*REQUIRED WORK*
Where does the word "записи" occur in the data below? Copy each line that holds it.

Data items
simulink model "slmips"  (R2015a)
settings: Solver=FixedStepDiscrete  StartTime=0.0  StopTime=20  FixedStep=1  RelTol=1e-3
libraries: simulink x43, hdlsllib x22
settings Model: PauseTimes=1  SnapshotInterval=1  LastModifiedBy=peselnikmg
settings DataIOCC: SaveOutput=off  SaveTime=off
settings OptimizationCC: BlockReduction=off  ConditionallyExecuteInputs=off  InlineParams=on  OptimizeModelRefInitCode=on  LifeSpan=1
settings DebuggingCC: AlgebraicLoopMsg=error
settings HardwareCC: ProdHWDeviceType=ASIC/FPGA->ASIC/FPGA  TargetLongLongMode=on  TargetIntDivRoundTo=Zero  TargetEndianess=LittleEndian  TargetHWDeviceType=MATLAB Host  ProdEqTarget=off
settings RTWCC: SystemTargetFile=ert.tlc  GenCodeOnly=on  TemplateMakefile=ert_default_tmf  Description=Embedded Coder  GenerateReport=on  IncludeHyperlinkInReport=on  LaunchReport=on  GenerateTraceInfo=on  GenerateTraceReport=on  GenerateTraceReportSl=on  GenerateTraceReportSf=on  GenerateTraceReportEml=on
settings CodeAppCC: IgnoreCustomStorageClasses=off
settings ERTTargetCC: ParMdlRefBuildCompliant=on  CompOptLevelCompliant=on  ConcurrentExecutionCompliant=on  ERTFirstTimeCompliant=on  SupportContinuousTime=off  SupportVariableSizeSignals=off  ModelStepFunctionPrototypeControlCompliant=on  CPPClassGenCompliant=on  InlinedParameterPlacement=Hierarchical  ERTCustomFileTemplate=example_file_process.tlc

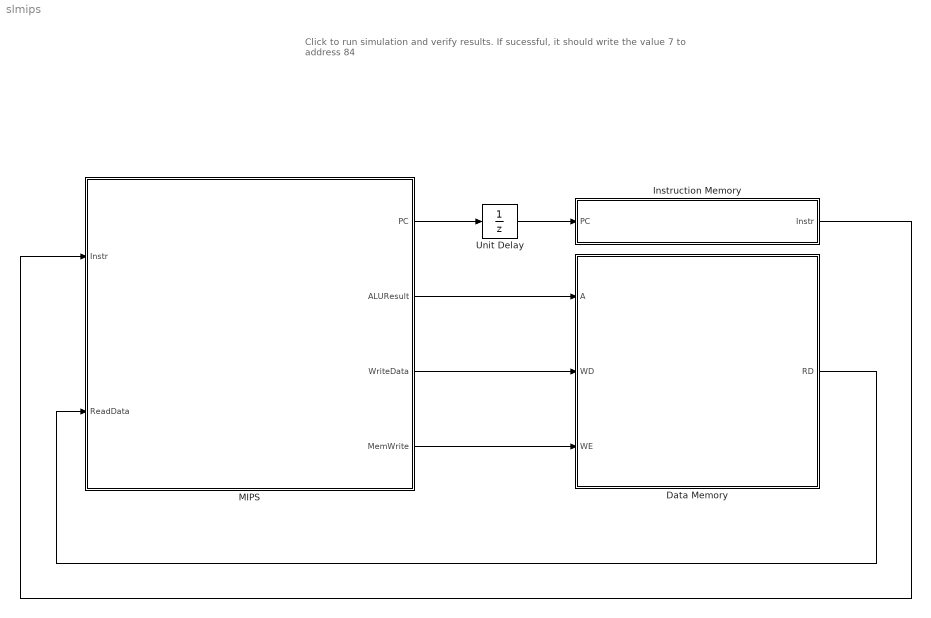
== system slmips ==
  note: Click to run simulation and verify results.
      | If sucessful, it should write the value 7 to address 84
  Data Memory : Subsystem
  Instruction Memory : Subsystem
  MIPS : Subsystem
  Unit Delay : UnitDelay  SampleTime=-1
  wires:
  MIPS/1(PC) -> Unit Delay/1
  Data Memory/1(RD) -> MIPS/2(ReadData)
  Instruction Memory/1(Instr) -> MIPS/1(Instr)
  Unit Delay/1 -> Instruction Memory/1(PC)
  MIPS/2(ALUResult) -> Data Memory/1(A)
  MIPS/3(WriteData) -> Data Memory/2(WD)
  MIPS/4(MemWrite) -> Data Memory/3(WE)

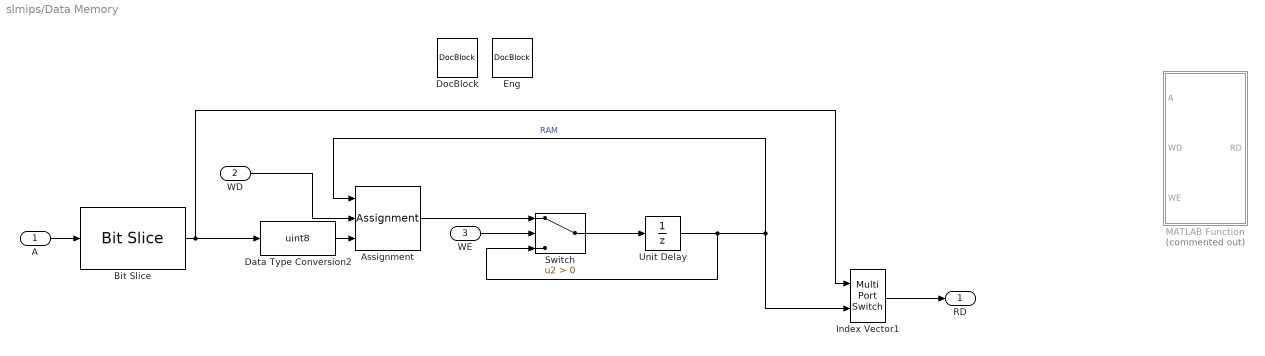
== system slmips/Data Memory ==
  A : Inport
  WD : Inport  Port=2
  WE : Inport  Port=3
  Assignment : Assignment  IndexMode=Zero-based  IndexOptions=Index vector (port)
  Bit Slice : hdlsllib/HDL Operations/Bit Slice  lidx=7  ridx=2
  Data Type Conversion2 : DataTypeConversion  OutDataTypeStr=uint8
  DocBlock : simulink/Model-Wide Utilities/DocBlock  DocumentType=Text
      content=|
      | Память данных имеет один порт чтения/записи. Если сигнал
      | разрешения записи WE равен единице, то данные со входа WD
      | записываются в ячейку памяти с адресом A по положительному фронту
      | тактового сигнала. Если же сигнал разрешения записи равен нулю,
      | то данные из ячейки с адресом A подаются на выход RD.
  Eng : simulink/Model-Wide Utilities/DocBlock  DocumentType=Text
      content=|
      | The data memory has a single read/write port. If the write enable,
      | WE, is 1, it writes data WD into address A on the rising edge of the clock.
      | If the write enable is 0, it reads address A onto RD.
  Index Vector1 : MultiPortSwitch  DataPortOrder=Zero-based contiguous  Inputs=1  zeroidx=on
  MATLAB Function : MATLAB Function  Commented=on  TreatAsAtomicUnit=on
  Switch : Switch  Criteria=u2 > Threshold
  Unit Delay : UnitDelay  InitialCondition=zeros(64,1)  SampleTime=-1
  RD : Outport  OutDataTypeStr=fixdt(0,32,0)
  wires:
  Unit Delay/1 -> Index Vector1/2, Assignment/1, Switch/3  "RAM"
  WE/1 -> Switch/2
  WD/1 -> Assignment/2
  Assignment/1 -> Switch/1
  Switch/1 -> Unit Delay/1
  Data Type Conversion2/1 -> Assignment/3
  Index Vector1/1 -> RD/1
  A/1 -> Bit Slice/1
  Bit Slice/1 -> Index Vector1/1, Data Type Conversion2/1

== system slmips/Instruction Memory ==
  PC : Inport
  DocBlock : simulink/Model-Wide Utilities/DocBlock  DocumentType=Text
      content=|
      | Память команд имеет один порт чтения. На адресный вход A подается
      | 32-битный адрес команды, после чего на выходе RD появляется
      | 32-битное число (т.е. команда), прочитанное из памяти по этому адресу.
  Eng : simulink/Model-Wide Utilities/DocBlock  DocumentType=Text
      content=|
      | The instruction memory has a single read port.1 It takes a 32-bit
      | instruction address input, A, and reads the 32-bit data (i.e., instruction)
      | from that address onto the read data output, RD.
  MATLAB Function : MATLAB Function  TreatAsAtomicUnit=on
  Instr : Outport  OutDataTypeStr=fixdt(0,32,0)
  wires:
  PC/1 -> MATLAB Function/1(PC)
  MATLAB Function/1(Instr) -> Instr/1  "Instr"

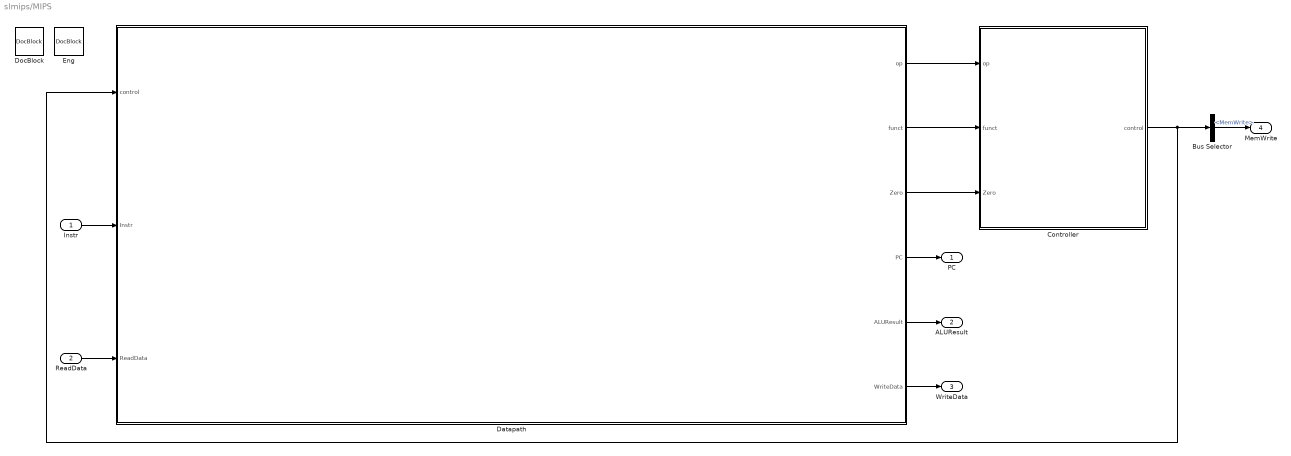
== system slmips/MIPS ==
  Instr : Inport
  ReadData : Inport  Port=2
  Bus Selector : BusSelector  OutputSignals=MemWrite
  Controller : Subsystem
  Datapath : Subsystem
  DocBlock : simulink/Model-Wide Utilities/DocBlock  DocumentType=Text
      content=|
      | Однотактовый процессор MIPS.
  Eng : simulink/Model-Wide Utilities/DocBlock  DocumentType=Text
      content=|
      | Single-cycle MIPS processor.
  PC : Outport
  ALUResult : Outport  Port=2
  WriteData : Outport  Port=3
  MemWrite : Outport  Port=4
  wires:
  Datapath/2(funct) -> Controller/2(funct)
  Datapath/1(op) -> Controller/1(op)
  Datapath/3(Zero) -> Controller/3(Zero)
  Datapath/4(PC) -> PC/1
  Instr/1 -> Datapath/2(Instr)
  ReadData/1 -> Datapath/3(ReadData)
  Datapath/6(WriteData) -> WriteData/1
  Datapath/5(ALUResult) -> ALUResult/1
  Bus Selector/1 -> MemWrite/1  "<MemWrite>"
  Controller/1(control) -> Datapath/1(control), Bus Selector/1

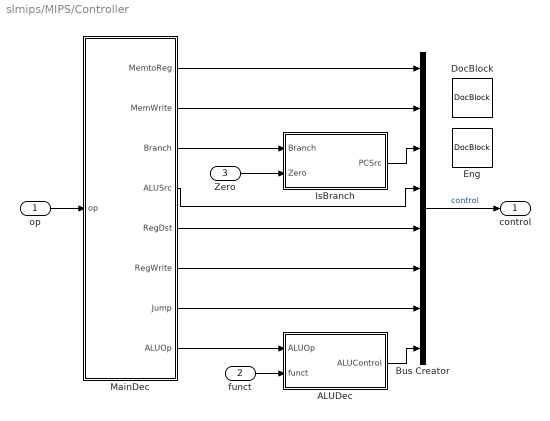
== system slmips/MIPS/Controller ==
  op : Inport
  funct : Inport  Port=2
  Zero : Inport  Port=3
  ALUDec : Subsystem
  Bus Creator : BusCreator  Inputs=8
  DocBlock : simulink/Model-Wide Utilities/DocBlock  DocumentType=Text
      content=|
      | Устройство управления формирует управляющие сигналы на основе
      | полей opcode и funct, присутствующих в каждой команде (Instr31:26 и
      | Instr5:0 соответственно).
  Eng : simulink/Model-Wide Utilities/DocBlock  DocumentType=Text
      content=|
      | The control unit computes the control signals based on the opcode and
      | funct fields of the instruction, Instr31:26 and Instr5:0.
  IsBranch : Subsystem
  MainDec : Subsystem
  control : Outport
  wires:
  Bus Creator/1 -> control/1  "control"
  MainDec/8(ALUOp) -> ALUDec/1(ALUOp)
  MainDec/3(Branch) -> IsBranch/1(Branch)
  op/1 -> MainDec/1(op)
  funct/1 -> ALUDec/2(funct)
  Zero/1 -> IsBranch/2(Zero)
  MainDec/1(MemtoReg) -> Bus Creator/1
  MainDec/2(MemWrite) -> Bus Creator/2
  IsBranch/1(PCSrc) -> Bus Creator/3
  MainDec/4(ALUSrc) -> Bus Creator/4
  MainDec/5(RegDst) -> Bus Creator/5
  MainDec/6(RegWrite) -> Bus Creator/6
  MainDec/7(Jump) -> Bus Creator/7
  ALUDec/1(ALUControl) -> Bus Creator/8

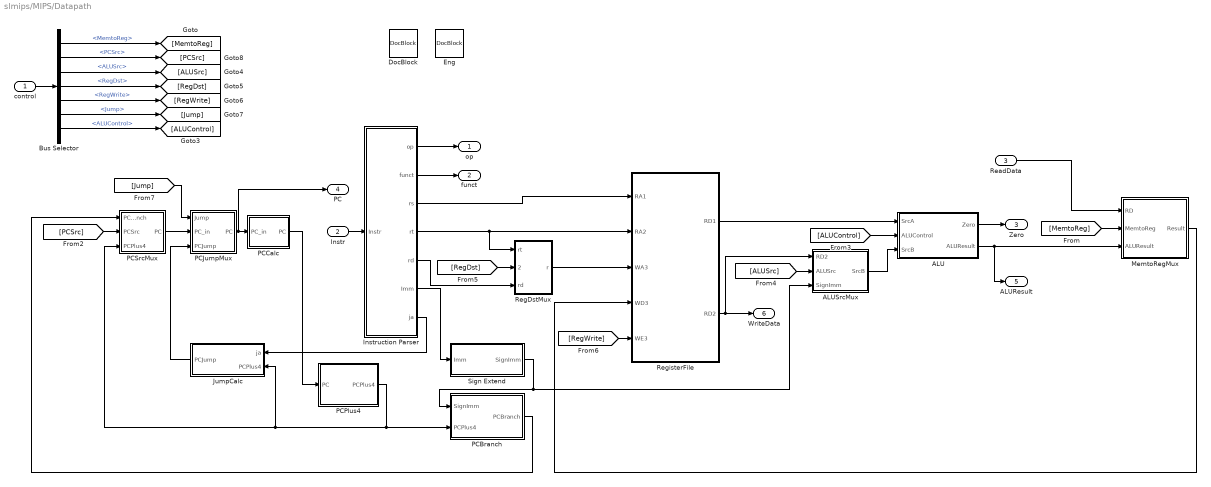
== system slmips/MIPS/Datapath ==
  control : Inport
  Instr : Inport  Port=2
  ReadData : Inport  Port=3
  ALU : Subsystem
  ALUSrcMux : Subsystem
  Bus Selector : BusSelector  OutputSignals=MemtoReg,PCSrc,ALUSrc,RegDst,RegWrite,Jump,ALUControl
  DocBlock : simulink/Model-Wide Utilities/DocBlock  DocumentType=Text
      content=|
      | Тракт данных однотактового процессора MIPS.
  Eng : simulink/Model-Wide Utilities/DocBlock  DocumentType=Text
      content=|
      | Datapath of a single-cycle MIPS processor.
  Instruction Parser : Subsystem
  JumpCalc : Subsystem
  MemtoRegMux : Subsystem
  PCBranch : Subsystem
  PCCalc : Subsystem
  PCJumpMux : Subsystem
  PCPlus4 : Subsystem
  PCSrcMux : Subsystem
  RegDstMux : Subsystem
  RegisterFile : Subsystem
  Sign Extend : Subsystem
  op : Outport
  funct : Outport  Port=2
  Zero : Outport  Port=3
  PC : Outport  Port=4
  ALUResult : Outport  Port=5
  WriteData : Outport  Port=6
  wires:
  Instruction Parser/4(rt) -> RegisterFile/2(RA2), RegDstMux/1(rt)
  [RegWrite] -> RegisterFile/5(WE3)
  Instruction Parser/3(rs) -> RegisterFile/1(RA1)
  ALUSrcMux/1(SrcB) -> ALU/3(SrcB)
  PCCalc/1(PC) -> PCPlus4/1(PC)
  [ALUSrc] -> ALUSrcMux/2(ALUSrc)
  RegisterFile/2(RD2) -> ALUSrcMux/1(RD2), WriteData/1
  [RegDst] -> RegDstMux/2(RegDst)
  [ALUControl] -> ALU/2(ALUControl)
  RegisterFile/1(RD1) -> ALU/1(SrcA)
  Sign Extend/1(SignImm) -> ALUSrcMux/3(SignImm), PCBranch/1(SignImm)
  RegDstMux/1(r) -> RegisterFile/3(WA3)
  [MemtoReg] -> MemtoRegMux/2(MemtoReg)
  Instr/1 -> Instruction Parser/1(Instr)
  Instruction Parser/2(funct) -> funct/1
  Instruction Parser/5(rd) -> RegDstMux/3(rd)
  Instruction Parser/6(Imm) -> Sign Extend/1(Imm)
  PCPlus4/1(PCPlus4) -> JumpCalc/2(PCPlus4), PCSrcMux/3(PCPlus4), PCBranch/2(PCPlus4)
  ALU/1(Zero) -> Zero/1
  PCBranch/1(PCBranch) -> PCSrcMux/1(PCBranch)
  Instruction Parser/1(op) -> op/1
  PCJumpMux/1(PC) -> PC/1, PCCalc/1(PC_in)
  [Jump] -> PCJumpMux/1(Jump)
  PCSrcMux/1(PC) -> PCJumpMux/2(PC_in)
  Instruction Parser/7(ja) -> JumpCalc/1(ja)
  JumpCalc/1(PCJump) -> PCJumpMux/3(PCJump)
  [PCSrc] -> PCSrcMux/2(PCSrc)
  control/1 -> Bus Selector/1
  Bus Selector/1 -> [MemtoReg]  "<MemtoReg>"
  Bus Selector/2 -> [PCSrc]  "<PCSrc>"
  Bus Selector/3 -> [ALUSrc]  "<ALUSrc>"
  Bus Selector/4 -> [RegDst]  "<RegDst>"
  Bus Selector/5 -> [RegWrite]  "<RegWrite>"
  Bus Selector/6 -> [Jump]  "<Jump>"
  Bus Selector/7 -> [ALUControl]  "<ALUControl>"
  ALU/2(ALUResult) -> MemtoRegMux/3(ALUResult), ALUResult/1
  ReadData/1 -> MemtoRegMux/1(RD)
  MemtoRegMux/1(Result) -> RegisterFile/4(WD3)

== system slmips/MIPS/Controller/ALUDec ==
  note: ALUOp
      | funct
      | ALUControl
      |
      | 00
      | X
      | 010 (addition)
      |
      | X1
      | X
      | 110 (subtraction)
      |
      | 1X
      | 100000
      | 010 (add)
      |
      | 1X
      | 100010
      | 110 (sub)
      |
      | 1X
      | 100100
      | 000 (and)
      |
      | 1X
      | 100101
      | 001 (or)
      |
      | 1X
      | 101010
      | 111 (slt)
  ALUOp : Inport
  funct : Inport  Port=2
  DocBlock : simulink/Model-Wide Utilities/DocBlock  DocumentType=Text
      content=|
      | Когда сигнал ALUOp равен 00 или 01, АЛУ должно складывать или
      | вычитать соответственно. Когда он равен 10, то значение ALUControl
      | должно определяться полем funct.
  Eng : simulink/Model-Wide Utilities/DocBlock  DocumentType=Text
      content=|
      | When ALUOp is 00 or 01,
      | the ALU should add or subtract, respectively. When ALUOp is 10, the
      | decoder examines the funct field to determine the ALUControl.
  MATLAB Function : MATLAB Function  TreatAsAtomicUnit=on
  ALUControl : Outport  OutDataTypeStr=fixdt(0,3,0)
  wires:
  ALUOp/1 -> MATLAB Function/1(ALUOp)
  funct/1 -> MATLAB Function/2(funct)
  MATLAB Function/1(ALUControl) -> ALUControl/1  "ALUControl"

== system slmips/MIPS/Controller/IsBranch ==
  Branch : Inport
  Zero : Inport  Port=2
  DocBlock : simulink/Model-Wide Utilities/DocBlock  DocumentType=Text
      content=|
      | Два регистра
      | сравниваются путем вычитания одного из другого в АЛУ. Если
      | ALUResult равен нулю, о чем сигнализирует флаг нуля, то регистры
      | равны. PCBranch
      | используется тогда, когда выполняется команда условного перехода и
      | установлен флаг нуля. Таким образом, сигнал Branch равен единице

*FINAL ANSWER*
      | Память данных имеет один порт чтения/записи. Если сигнал
      | разрешения записи WE равен единице, то данные со входа WD
      | тактового сигнала. Если же сигнал разрешения записи равен нулю,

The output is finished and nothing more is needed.